Straps are another area where you have a lot of liberty to try whatever works best for you. The go-to recommendation is to use elastic straps with velcro. Elastic straps are the go-to recommendation because they will stretch and should stay in place however you move. Nylon straps, while technically usable, are fairly inflexible will tend to slide as you move, making them less suitable. Generally speaking, you will want straps that are at least 38mm or 1.5 inches wide, going any smaller will result in less stable mounting.
When it comes to mounting, you may find that there are not any straps long enough to go around your torso – in this case, two straps with velcro can be chained together to make one longer strap. Another option for the chest in particular is to use a GoPro chest mount, which can improve stability greatly if you find your chest trackers tend to slide. Also, its worth mentioning that you may want different sized straps depending on where each tracker is going to go, such as having shorter straps for thigh trackers than ankle trackers. Be sure to measure yourself with a tape measure if you’re going to go this route! It’s worth noting that elastic stretches so if you find straps that seem just a bit too small, they may stretch an additional 50mm or so or more depending on length.

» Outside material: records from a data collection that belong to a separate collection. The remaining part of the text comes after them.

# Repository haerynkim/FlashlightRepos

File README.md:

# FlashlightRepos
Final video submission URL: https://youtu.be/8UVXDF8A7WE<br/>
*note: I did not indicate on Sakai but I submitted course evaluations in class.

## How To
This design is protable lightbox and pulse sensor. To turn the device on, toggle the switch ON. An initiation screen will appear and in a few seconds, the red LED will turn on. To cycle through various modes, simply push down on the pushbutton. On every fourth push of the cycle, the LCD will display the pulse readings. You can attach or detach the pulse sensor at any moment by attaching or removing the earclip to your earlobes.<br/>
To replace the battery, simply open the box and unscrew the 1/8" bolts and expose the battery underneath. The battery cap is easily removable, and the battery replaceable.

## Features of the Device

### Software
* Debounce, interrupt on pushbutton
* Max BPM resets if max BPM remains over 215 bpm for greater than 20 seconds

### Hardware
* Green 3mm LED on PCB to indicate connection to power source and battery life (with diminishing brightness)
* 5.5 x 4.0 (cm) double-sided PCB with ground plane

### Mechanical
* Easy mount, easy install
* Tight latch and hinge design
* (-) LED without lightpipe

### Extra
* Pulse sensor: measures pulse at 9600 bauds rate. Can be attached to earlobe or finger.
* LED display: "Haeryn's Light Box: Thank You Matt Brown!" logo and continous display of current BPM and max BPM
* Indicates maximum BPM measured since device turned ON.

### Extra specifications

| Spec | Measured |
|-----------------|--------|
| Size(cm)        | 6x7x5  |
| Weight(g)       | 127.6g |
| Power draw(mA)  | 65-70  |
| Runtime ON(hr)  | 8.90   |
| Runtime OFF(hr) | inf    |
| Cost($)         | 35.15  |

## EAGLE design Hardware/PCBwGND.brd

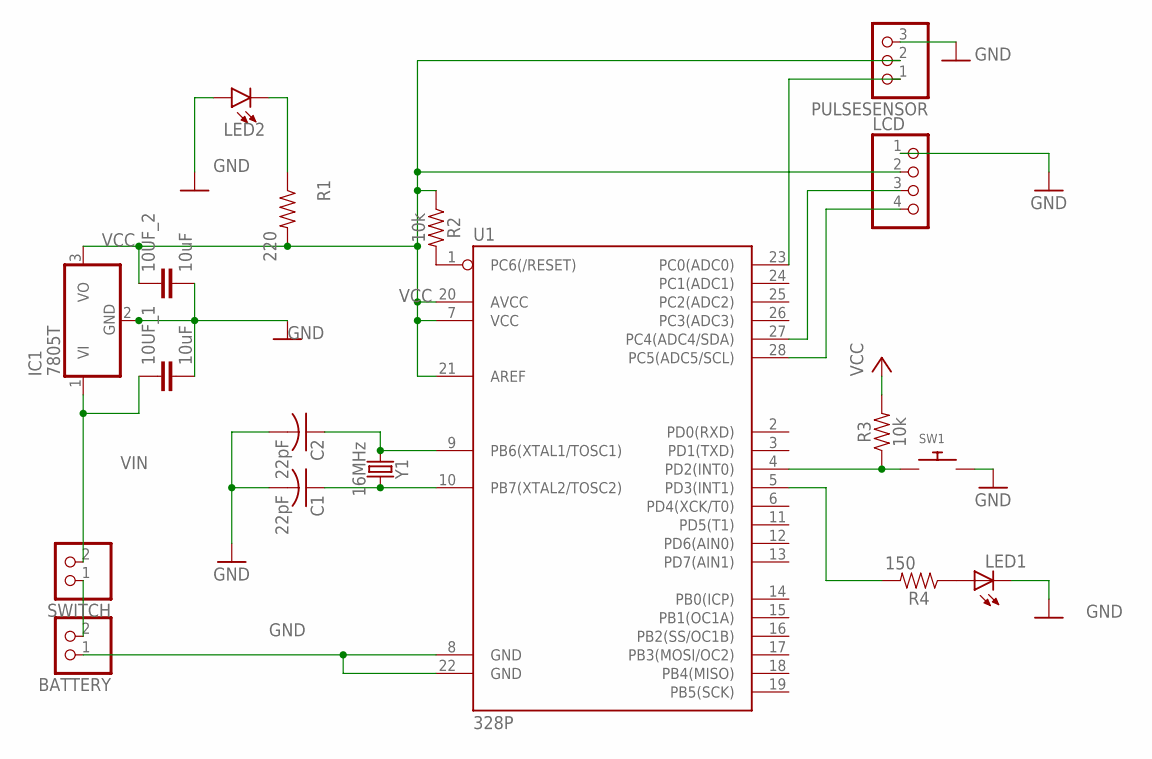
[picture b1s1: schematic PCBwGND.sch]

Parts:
10UF_1, 10UF_2: 10uF; CAP-PTH-2.54
BATTERY: PINHD-1X2; 1X02
C1, C2: 22pF; C025-024X044
IC1: 7805T; TO220H
LCD: PINHD-1X4; 1X04
LED1: LED5MM
LED2: LED3MM; LED_3MM
PULSESENSOR: PINHD-1X3; 1X03
R1: 220; AXIAL-0.3
R2, R3: 10k; AXIAL-0.3
R4: 150; AXIAL-0.3
SW1: SWITCH_PUSHBUTTONEVQ-PE; TACT_PANA-EVQ
SWITCH: PINHD-1X2; 1X02
U1: 328P; DIP28
Y1: 16MHz; HC49US

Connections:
GND: 10UF_1.2, 10UF_2.2, BATTERY.1, C1.2, C2.2, IC1.2 (GND), LCD.1, LED1.K (C), LED2.A, PULSESENSOR.3, SW1.P$2, U1.8 (GND), U1.22 (GND)
unnamed: BATTERY.2, SWITCH.1
unnamed: LED1.A, R4.P$1 (1)
unnamed: LED2.K (C), R1.P$1 (1)
PC0/ADC0: PULSESENSOR.1, U1.23 (PC0(ADC0))
PD2: R4.P$2 (2), U1.5 (PD3(INT1))
PD3: R3.P$1 (1), SW1.P$1, U1.4 (PD2(INT0))
RESET: R2.P$2 (2), U1.1 (PC6(/RESET))
SCL: LCD.4, U1.28 (PC5(ADC5/SCL))
SDA: LCD.3, U1.27 (PC4(ADC4/SDA))
VCC: 10UF_2.1, IC1.3 (VO), LCD.2, PULSESENSOR.2, R1.P$2 (2), R2.P$1 (1), R3.P$2 (2), U1.7 (VCC), U1.20 (AVCC), U1.21 (AREF)
VIN: 10UF_1.1, IC1.1 (VI), SWITCH.2
XTAL1: C2.1, U1.9 (PB6(XTAL1/TOSC1)), Y1.1
XTAL2: C1.1, U1.10 (PB7(XTAL2/TOSC2)), Y1.2

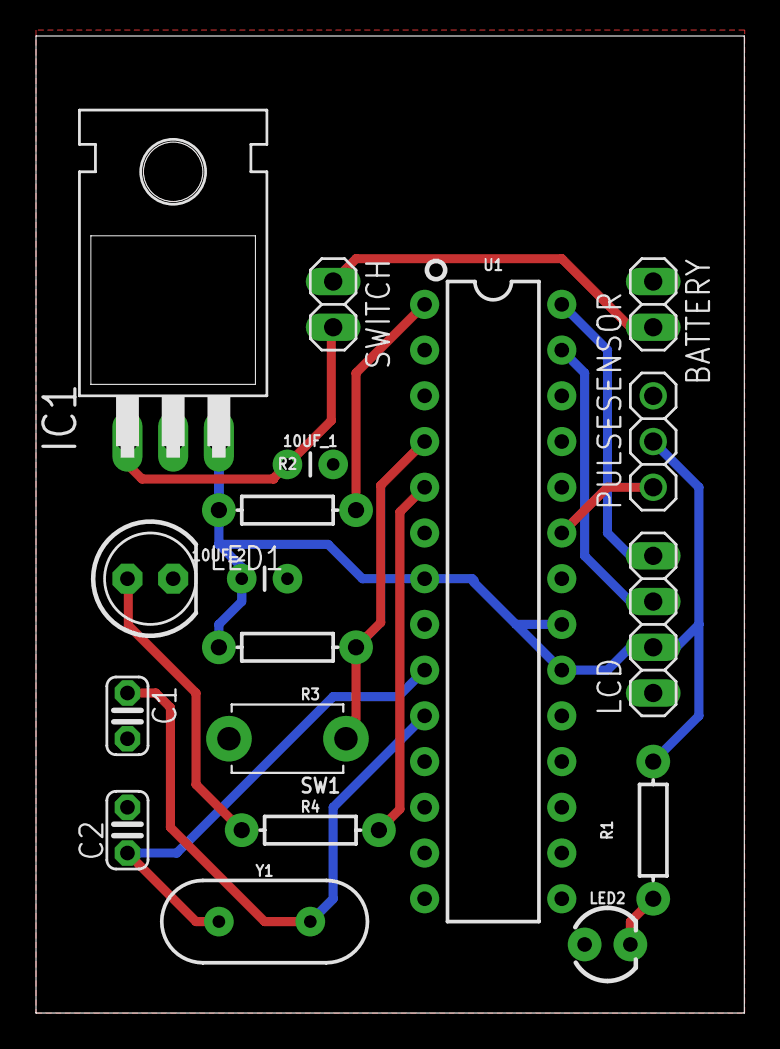
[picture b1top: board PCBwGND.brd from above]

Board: 2 copper layers, 39.4 x 54.3 mm, 18 parts (0 on the bottom side), 14 nets.

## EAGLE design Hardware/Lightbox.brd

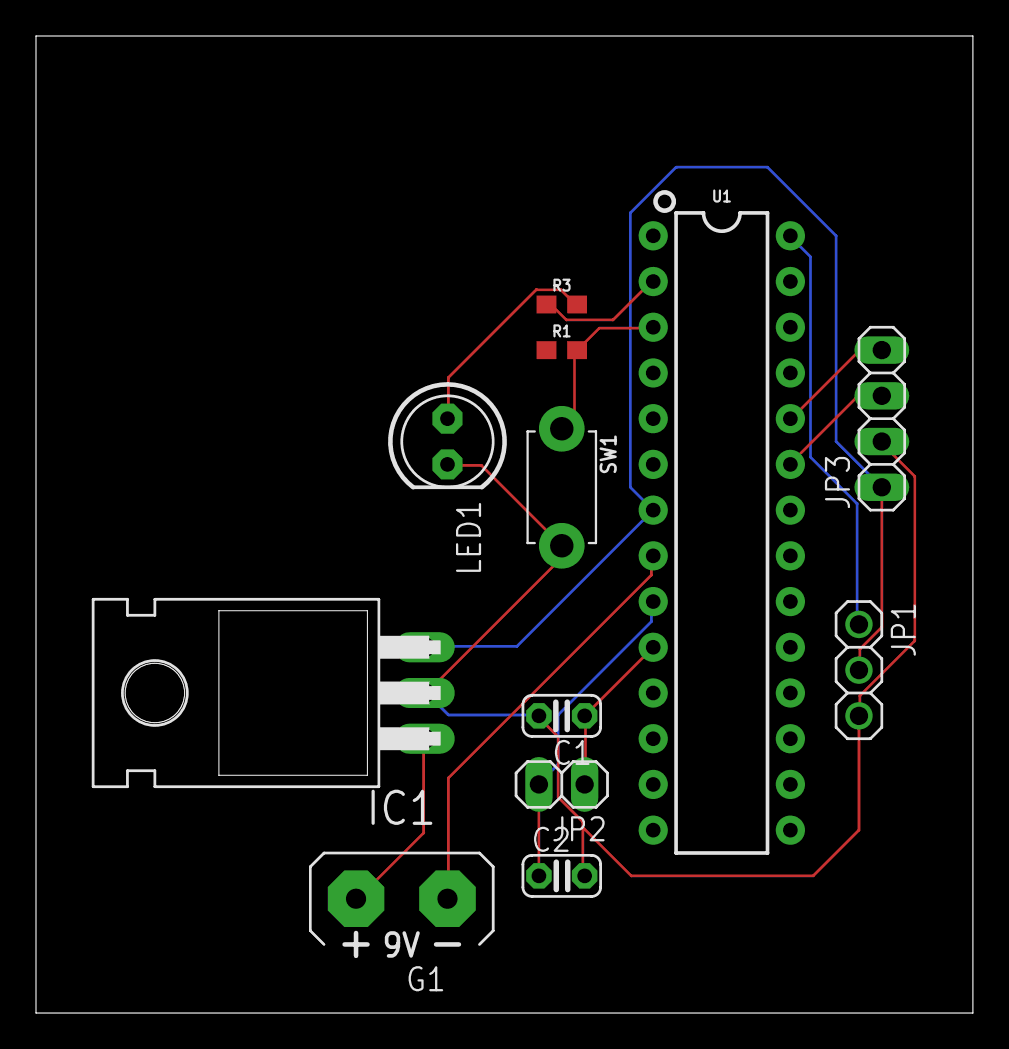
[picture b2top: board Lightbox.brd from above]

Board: 2 copper layers, 52.0 x 54.3 mm, 12 parts (0 on the bottom side), 12 nets.

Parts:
C1, C2: 22pF; C025-024X044
G1: AB9V
IC1: 7805T; TO220H
JP1: 1X03
JP2: 1X02
JP3: 1X04
LED1: LED5MM
R1, R3: 150; 0603
SW1: TACT_PANA-EVQ
U1: 328P; DIP28

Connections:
GND: C1.2, C2.2, IC1.2, JP1.3, JP3.2, LED1.K, SW1.P$2
unnamed: JP3.3, U1.23
unnamed: JP3.4, U1.24
unnamed: G1.+, IC1.1
unnamed: G1.-, U1.8
unnamed: IC1.3, JP1.2, JP3.1, U1.7
unnamed: LED1.A, R3.2
unnamed: R3.1, U1.2
unnamed: C2.1, JP2.2, U1.9
unnamed: C1.1, JP2.1, U1.10
unnamed: R1.2, SW1.P$1, U1.3
unnamed: JP1.1, U1.28

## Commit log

2018-09-20 Edit README.md
2018-09-20 add initial file in Mechanical
2018-09-20 more initial files in this repository
2018-10-01 Update README.md for Milestone 01
2018-10-01 Add block diagram and design sketch
2018-10-19 Add Arduino code ButtonBlink.ino
    Makes the switch button work with one LED function.
2018-10-31 Milestone 02 Assignments
2018-10-31 Add Milestone03 assignments for review
2018-11-05 Adding backup iterations of working Arduino code
2018-11-06 Add file of working heart rate monitor version with fixed threshold
2018-11-06 Add code to initialize Seeed OLED Display
2018-11-08 add file that reads analog signal and calculates hr
2018-11-12 Add working version Eagle schematic and PCB for initial review
2018-11-12 Moved directories of software_code.md
2018-11-12 Rename Electronics folder as Hardware for milestone04
2018-11-12 Added missing values and correct connections to Atmega328p
2018-11-12 Move into respective folders
2018-11-12 Working code that reads BPM from pulse sensor without hard-coded threshold
2018-11-12 Arduino libraries for SeeedOLED display and PulseSensor
2018-11-12 Add code to activate and output values onto LCD
2018-11-12 Solve issue with overwriting digits on LCD display and add logo for initial setup display
2018-11-15 Increase trace thickness and replace wrong components
2018-11-19 Add dimensions and replace battery with 2pin header
2018-11-19 milestone 05 2d drawing and 3d fusion360 model
2018-11-19 Update WorkingBPM.ino
    Add constraint for max BPM reading. Code recorded in demo #2.
2018-11-19 Add first test demo videdeo with WorkingBPM code
2018-11-20 Schematic and PCB design for final review
2018-11-28 Arduino to Breadboard working video
2018-11-29 Add Final PCB design and remove first PCB iteration
2018-11-29 Add ground plane to reduce photoetching area
2018-12-03 Add new hinged box design for modified PCB. Added parametric design.
2018-12-04 Update CAD design with latch
2018-12-04 Add video of PCB and all components working
2018-12-14 Push all necessary files, clean directories
2018-12-14 Re-do previous commit before too-large sized file

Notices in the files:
parts and their libraries:
SparkFun-Resistors: Licensing: Creative Commons ShareAlike 4.0 International - https://creativecommons.org/licenses/by-sa/4.0

For ideas on making your own custom straps, consider viewing the DIY Straps Guide.
You will also need some tools to be able to put together a tracker. You might have these already or have a friend or a maker space nearby where you can borrow these:
- A soldering iron, solder, and solder flux.
- A wire cutter.
- A soldering third hand
- (Optional) A multimeter to check your connections.
- (Optional) A solder sucker or desoldering braid. To more easily be able to fix mistakes when soldering.
Please note: ensure you do not buy solder intended for soldering plumbing fixtures. This type of solder is more acidic and may corrode PCBs and electronic components.
If you haven’t done a DIY project like this, look up some soldering tutorials on YouTube and feel free to ask questions in the #diy channel in our Discord.